Recently, when I filled up my Maxima, I smelled gas coming from the rear left, with drips of gas (sound familiar). I took it to the dealership for a checkup and come to find out, there's a recall on a certain fuel filler hose.

In any case, the dealership fixed it for FREE. It might be worth, letting them run your VIN to check if you have this same recall. I have a 93 Maxima, but this issue probably applied to this entire generation of Maxima's. 

Note: The hose fix will likely not fix the rough idle. My car didn't have that problem.



blackonblack said:


> ... Now here's the thing - for a little more than a year I started to notice the smell of gas in the bottom rear left of the car. I've been checking the fuel kneck for rust/holes, even slow drips of gas - but nothing. Not a single drop of gas or obvious leak. Yet the smell of gas remains and is considerably stronger. In fact, I drove with the windows down the other day and the gas smell was all over the cabin. Yet not a single wet spot of gas was found.
> 
> It's worth mentioning also that I haven't filled-up since gasoline hit the $2.50 mark... I've been buying gas based on how many gallons I think I'm going to use - ofcourse never allowing the needle below the last quarter. I say this because - I noticed too that I no longer hear that fizz after I take the gas cap off.
> 
> ...


----------



## blackonblack (Jul 7, 2006)

I'm happy to report that the rough idle and surprisingly the smell of gas has been resolved. 

I suspected the Mass Air Flow/Air Flow Meter was the culprit for my rough idle. But because I replaced it once before with in 3 years for $80, I didn't think it would go bad again that soon. So, I pretty much replaced all the other suspect and less expensive parts before getting to the MAF. Plugs, Air Filter, Distributor Cap... I even replaced my belts! I'm happily proud to say that I did it all myself! All to no avail. The rough idle continued coupled with the strong smell of gas in the cabin. and under the car. Convinced the smell was just a cracked hose, I didn't give it too much of thought, and finally proceeded to replace the MAF. 

Would you believe that I got a MAF for $40 of a yunk yards and that my friend has resolved the rough idle AND the strong gas smell. In fact, gas millage has drastically improved!!! 

A friend pretty much told me that the bad maf was sending the ECU a bad signal that made the ECU make up for performance by flooding the engine with gas thus the strong smell was basically unburned gas.

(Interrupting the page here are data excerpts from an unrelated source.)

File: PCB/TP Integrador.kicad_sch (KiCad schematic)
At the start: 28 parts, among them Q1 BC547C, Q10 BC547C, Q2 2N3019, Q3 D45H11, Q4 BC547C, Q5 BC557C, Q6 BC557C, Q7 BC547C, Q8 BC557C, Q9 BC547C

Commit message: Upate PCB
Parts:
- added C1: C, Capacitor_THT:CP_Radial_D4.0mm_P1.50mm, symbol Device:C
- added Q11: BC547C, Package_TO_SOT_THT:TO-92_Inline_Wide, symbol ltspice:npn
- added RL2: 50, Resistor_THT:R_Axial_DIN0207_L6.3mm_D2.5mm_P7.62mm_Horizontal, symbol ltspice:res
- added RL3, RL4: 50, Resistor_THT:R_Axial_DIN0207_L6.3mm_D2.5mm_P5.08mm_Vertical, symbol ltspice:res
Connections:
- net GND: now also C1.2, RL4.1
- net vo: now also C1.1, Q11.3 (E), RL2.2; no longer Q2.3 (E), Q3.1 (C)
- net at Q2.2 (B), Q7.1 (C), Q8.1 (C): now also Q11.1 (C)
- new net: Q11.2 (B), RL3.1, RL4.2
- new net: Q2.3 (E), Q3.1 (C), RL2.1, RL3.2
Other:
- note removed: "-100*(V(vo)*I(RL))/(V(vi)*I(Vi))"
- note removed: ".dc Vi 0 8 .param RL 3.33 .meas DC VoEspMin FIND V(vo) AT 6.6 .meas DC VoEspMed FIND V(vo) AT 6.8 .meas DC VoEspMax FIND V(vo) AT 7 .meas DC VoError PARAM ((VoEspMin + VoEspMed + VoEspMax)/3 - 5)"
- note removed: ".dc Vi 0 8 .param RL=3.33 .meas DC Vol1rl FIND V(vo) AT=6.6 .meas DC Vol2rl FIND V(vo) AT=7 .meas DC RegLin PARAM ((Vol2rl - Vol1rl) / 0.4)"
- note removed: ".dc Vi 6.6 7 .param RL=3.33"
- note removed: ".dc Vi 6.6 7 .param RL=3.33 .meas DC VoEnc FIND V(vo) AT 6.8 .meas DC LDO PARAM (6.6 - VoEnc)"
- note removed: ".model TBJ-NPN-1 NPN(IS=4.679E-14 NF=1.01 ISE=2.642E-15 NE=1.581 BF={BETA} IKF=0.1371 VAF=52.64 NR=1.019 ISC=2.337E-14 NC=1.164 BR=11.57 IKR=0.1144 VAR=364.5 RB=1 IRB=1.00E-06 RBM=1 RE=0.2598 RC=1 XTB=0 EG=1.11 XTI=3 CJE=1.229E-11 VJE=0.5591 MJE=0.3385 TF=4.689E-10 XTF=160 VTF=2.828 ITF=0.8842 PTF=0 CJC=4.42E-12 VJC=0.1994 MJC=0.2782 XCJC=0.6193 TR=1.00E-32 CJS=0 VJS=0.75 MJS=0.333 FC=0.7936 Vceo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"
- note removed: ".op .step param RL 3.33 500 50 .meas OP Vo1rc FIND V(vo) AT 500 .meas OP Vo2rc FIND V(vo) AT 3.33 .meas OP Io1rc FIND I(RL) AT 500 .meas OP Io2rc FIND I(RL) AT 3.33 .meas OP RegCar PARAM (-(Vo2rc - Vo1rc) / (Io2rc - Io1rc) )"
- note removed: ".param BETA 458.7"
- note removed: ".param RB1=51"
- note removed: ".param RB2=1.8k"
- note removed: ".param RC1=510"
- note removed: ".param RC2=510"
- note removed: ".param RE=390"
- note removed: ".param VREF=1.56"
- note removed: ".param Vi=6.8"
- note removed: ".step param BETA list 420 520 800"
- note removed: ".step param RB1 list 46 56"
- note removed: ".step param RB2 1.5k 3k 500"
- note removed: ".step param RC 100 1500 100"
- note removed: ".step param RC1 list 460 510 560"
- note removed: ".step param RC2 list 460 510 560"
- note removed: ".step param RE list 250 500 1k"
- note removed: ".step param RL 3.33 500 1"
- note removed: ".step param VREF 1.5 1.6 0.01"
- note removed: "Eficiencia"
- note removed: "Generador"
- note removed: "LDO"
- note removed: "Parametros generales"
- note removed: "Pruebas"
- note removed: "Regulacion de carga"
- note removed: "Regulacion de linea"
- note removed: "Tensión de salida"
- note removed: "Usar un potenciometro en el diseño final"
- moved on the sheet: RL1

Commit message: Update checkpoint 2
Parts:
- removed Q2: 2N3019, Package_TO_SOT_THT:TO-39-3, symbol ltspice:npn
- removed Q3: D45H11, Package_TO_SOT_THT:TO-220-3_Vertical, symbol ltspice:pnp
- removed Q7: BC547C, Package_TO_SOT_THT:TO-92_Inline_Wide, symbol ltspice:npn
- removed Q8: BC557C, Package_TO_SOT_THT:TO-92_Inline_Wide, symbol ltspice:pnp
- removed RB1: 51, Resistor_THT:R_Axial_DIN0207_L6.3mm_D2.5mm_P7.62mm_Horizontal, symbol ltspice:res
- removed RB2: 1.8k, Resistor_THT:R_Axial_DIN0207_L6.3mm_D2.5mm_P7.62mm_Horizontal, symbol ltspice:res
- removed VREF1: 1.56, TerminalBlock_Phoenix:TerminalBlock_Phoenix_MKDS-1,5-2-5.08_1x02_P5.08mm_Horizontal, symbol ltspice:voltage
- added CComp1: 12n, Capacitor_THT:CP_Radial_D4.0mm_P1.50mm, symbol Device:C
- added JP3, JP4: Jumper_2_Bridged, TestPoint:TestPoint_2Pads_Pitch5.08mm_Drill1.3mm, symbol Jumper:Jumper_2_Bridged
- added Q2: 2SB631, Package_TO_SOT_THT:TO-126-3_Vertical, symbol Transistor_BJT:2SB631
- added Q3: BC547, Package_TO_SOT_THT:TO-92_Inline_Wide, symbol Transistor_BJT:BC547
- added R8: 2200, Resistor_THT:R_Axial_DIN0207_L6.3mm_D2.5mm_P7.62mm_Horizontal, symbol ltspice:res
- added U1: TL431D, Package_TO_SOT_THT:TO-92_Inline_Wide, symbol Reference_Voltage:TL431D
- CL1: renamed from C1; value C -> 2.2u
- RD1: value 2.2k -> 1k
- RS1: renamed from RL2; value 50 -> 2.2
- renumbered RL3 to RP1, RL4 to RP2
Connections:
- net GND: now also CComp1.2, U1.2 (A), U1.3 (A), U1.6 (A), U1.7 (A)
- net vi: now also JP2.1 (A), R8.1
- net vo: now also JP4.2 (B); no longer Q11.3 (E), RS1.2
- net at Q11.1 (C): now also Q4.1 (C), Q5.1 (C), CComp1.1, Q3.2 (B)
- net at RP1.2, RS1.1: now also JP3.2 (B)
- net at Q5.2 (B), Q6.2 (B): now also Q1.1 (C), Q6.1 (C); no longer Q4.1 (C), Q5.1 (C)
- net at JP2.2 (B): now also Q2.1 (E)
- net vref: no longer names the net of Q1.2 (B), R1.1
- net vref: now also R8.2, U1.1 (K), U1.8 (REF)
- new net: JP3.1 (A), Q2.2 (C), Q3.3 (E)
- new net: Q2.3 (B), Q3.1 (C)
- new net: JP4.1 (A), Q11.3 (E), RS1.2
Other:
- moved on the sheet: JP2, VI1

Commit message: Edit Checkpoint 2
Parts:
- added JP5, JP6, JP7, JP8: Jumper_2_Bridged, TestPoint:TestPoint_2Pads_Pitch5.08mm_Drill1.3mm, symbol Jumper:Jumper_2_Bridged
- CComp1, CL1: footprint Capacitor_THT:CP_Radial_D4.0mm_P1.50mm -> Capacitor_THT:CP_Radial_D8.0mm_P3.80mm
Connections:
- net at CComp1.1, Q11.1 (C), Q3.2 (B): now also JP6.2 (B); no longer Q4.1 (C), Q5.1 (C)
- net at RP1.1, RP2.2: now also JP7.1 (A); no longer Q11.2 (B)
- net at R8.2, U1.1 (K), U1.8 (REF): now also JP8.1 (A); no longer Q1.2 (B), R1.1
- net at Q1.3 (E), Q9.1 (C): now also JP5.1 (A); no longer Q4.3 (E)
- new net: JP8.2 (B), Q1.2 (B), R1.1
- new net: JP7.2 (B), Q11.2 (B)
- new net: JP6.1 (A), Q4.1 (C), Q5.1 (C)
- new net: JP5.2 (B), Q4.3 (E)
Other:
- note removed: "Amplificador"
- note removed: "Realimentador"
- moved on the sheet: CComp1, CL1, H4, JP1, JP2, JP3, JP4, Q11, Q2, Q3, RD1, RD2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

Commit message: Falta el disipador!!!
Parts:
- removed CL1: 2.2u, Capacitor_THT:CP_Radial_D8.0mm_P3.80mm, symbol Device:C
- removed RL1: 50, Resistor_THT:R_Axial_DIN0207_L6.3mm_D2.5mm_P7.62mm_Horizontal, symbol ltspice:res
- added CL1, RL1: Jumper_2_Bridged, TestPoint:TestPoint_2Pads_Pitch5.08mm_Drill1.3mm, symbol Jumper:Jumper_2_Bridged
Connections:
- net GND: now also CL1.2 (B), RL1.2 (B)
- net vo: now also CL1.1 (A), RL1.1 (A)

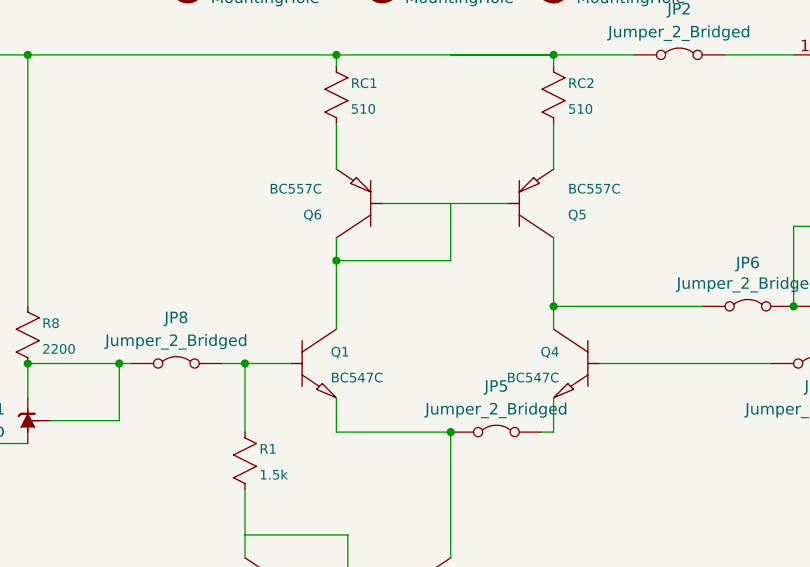
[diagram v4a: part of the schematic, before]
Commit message: Edit Rs, no falta el disipador!!
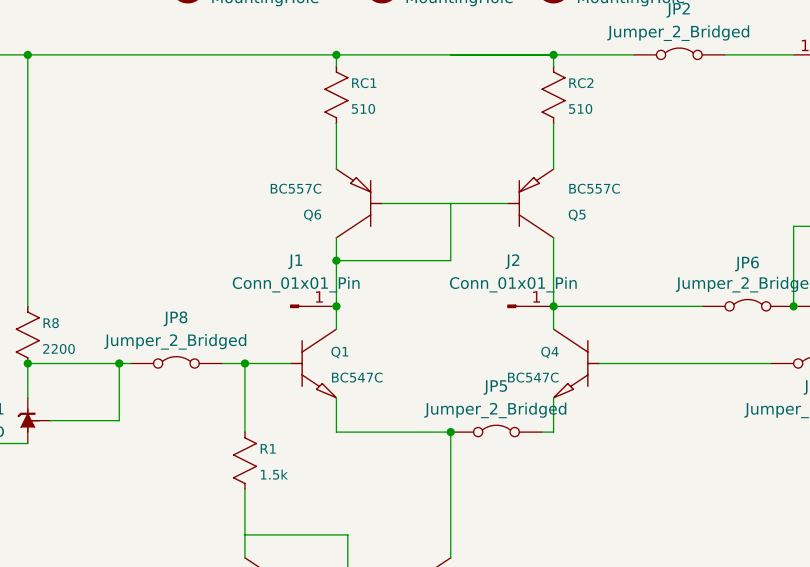
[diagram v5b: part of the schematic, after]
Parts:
- added J1, J2: Conn_01x01_Pin, Connector_PinHeader_1.00mm:PinHeader_1x01_P1.00mm_Vertical, symbol Connector:Conn_01x01_Pin
- RS1: footprint Resistor_THT:R_Axial_DIN0207_L6.3mm_D2.5mm_P7.62mm_Horizontal -> Resistor_THT:R_Axial_DIN0617_L17.0mm_D6.0mm_P20.32mm_Horizontal
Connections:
- net at JP6.1 (A), Q4.1 (C), Q5.1 (C): now also J2.1 (Pin_1)
- net at Q1.1 (C), Q5.2 (B), Q6.1 (C)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: now also J1.1 (Pin_1)

Whatever... All I know is the MAF resolved the rough idle and the gas smell.


----------



## blackonblack (Jul 7, 2006)

Ma_Sai said:


> Recently, when I filled up my Maxima, I smelled gas coming from the rear left, with drips of gas (sound familiar). I took it to the dealership for a checkup and come to find out, there's a recall on a certain fuel filler hose.
> 
> In any case, the dealership fixed it for FREE. It might be worth, letting them run your VIN to check if you have this same recall. I have a 93 Maxima, but this issue probably applied to this entire generation of Maxima's.
> 
> Note: The hose fix will likely not fix the rough idle. My car didn't have that problem.


You're right and you're lucky. I tried to get the dealer to honor that 10 + year old recall a few years ago. They pretty much laughed and said - "look, lets talk turkey here. Do you really think anyone is going to spend around $3000 on raw materials and man power to repair a 15 year old car that's not worth $2000? here's what we're willing to for you... We'll give you a $3000 down payment toward the lease or purchase of a brand new car. Everybody wins! We honor the recall, get you out that problemed old car... basically get rid of the problem. You get a newer car with 3k under MSRP, and everyone leaves happy."

I felt like such a moron.


----------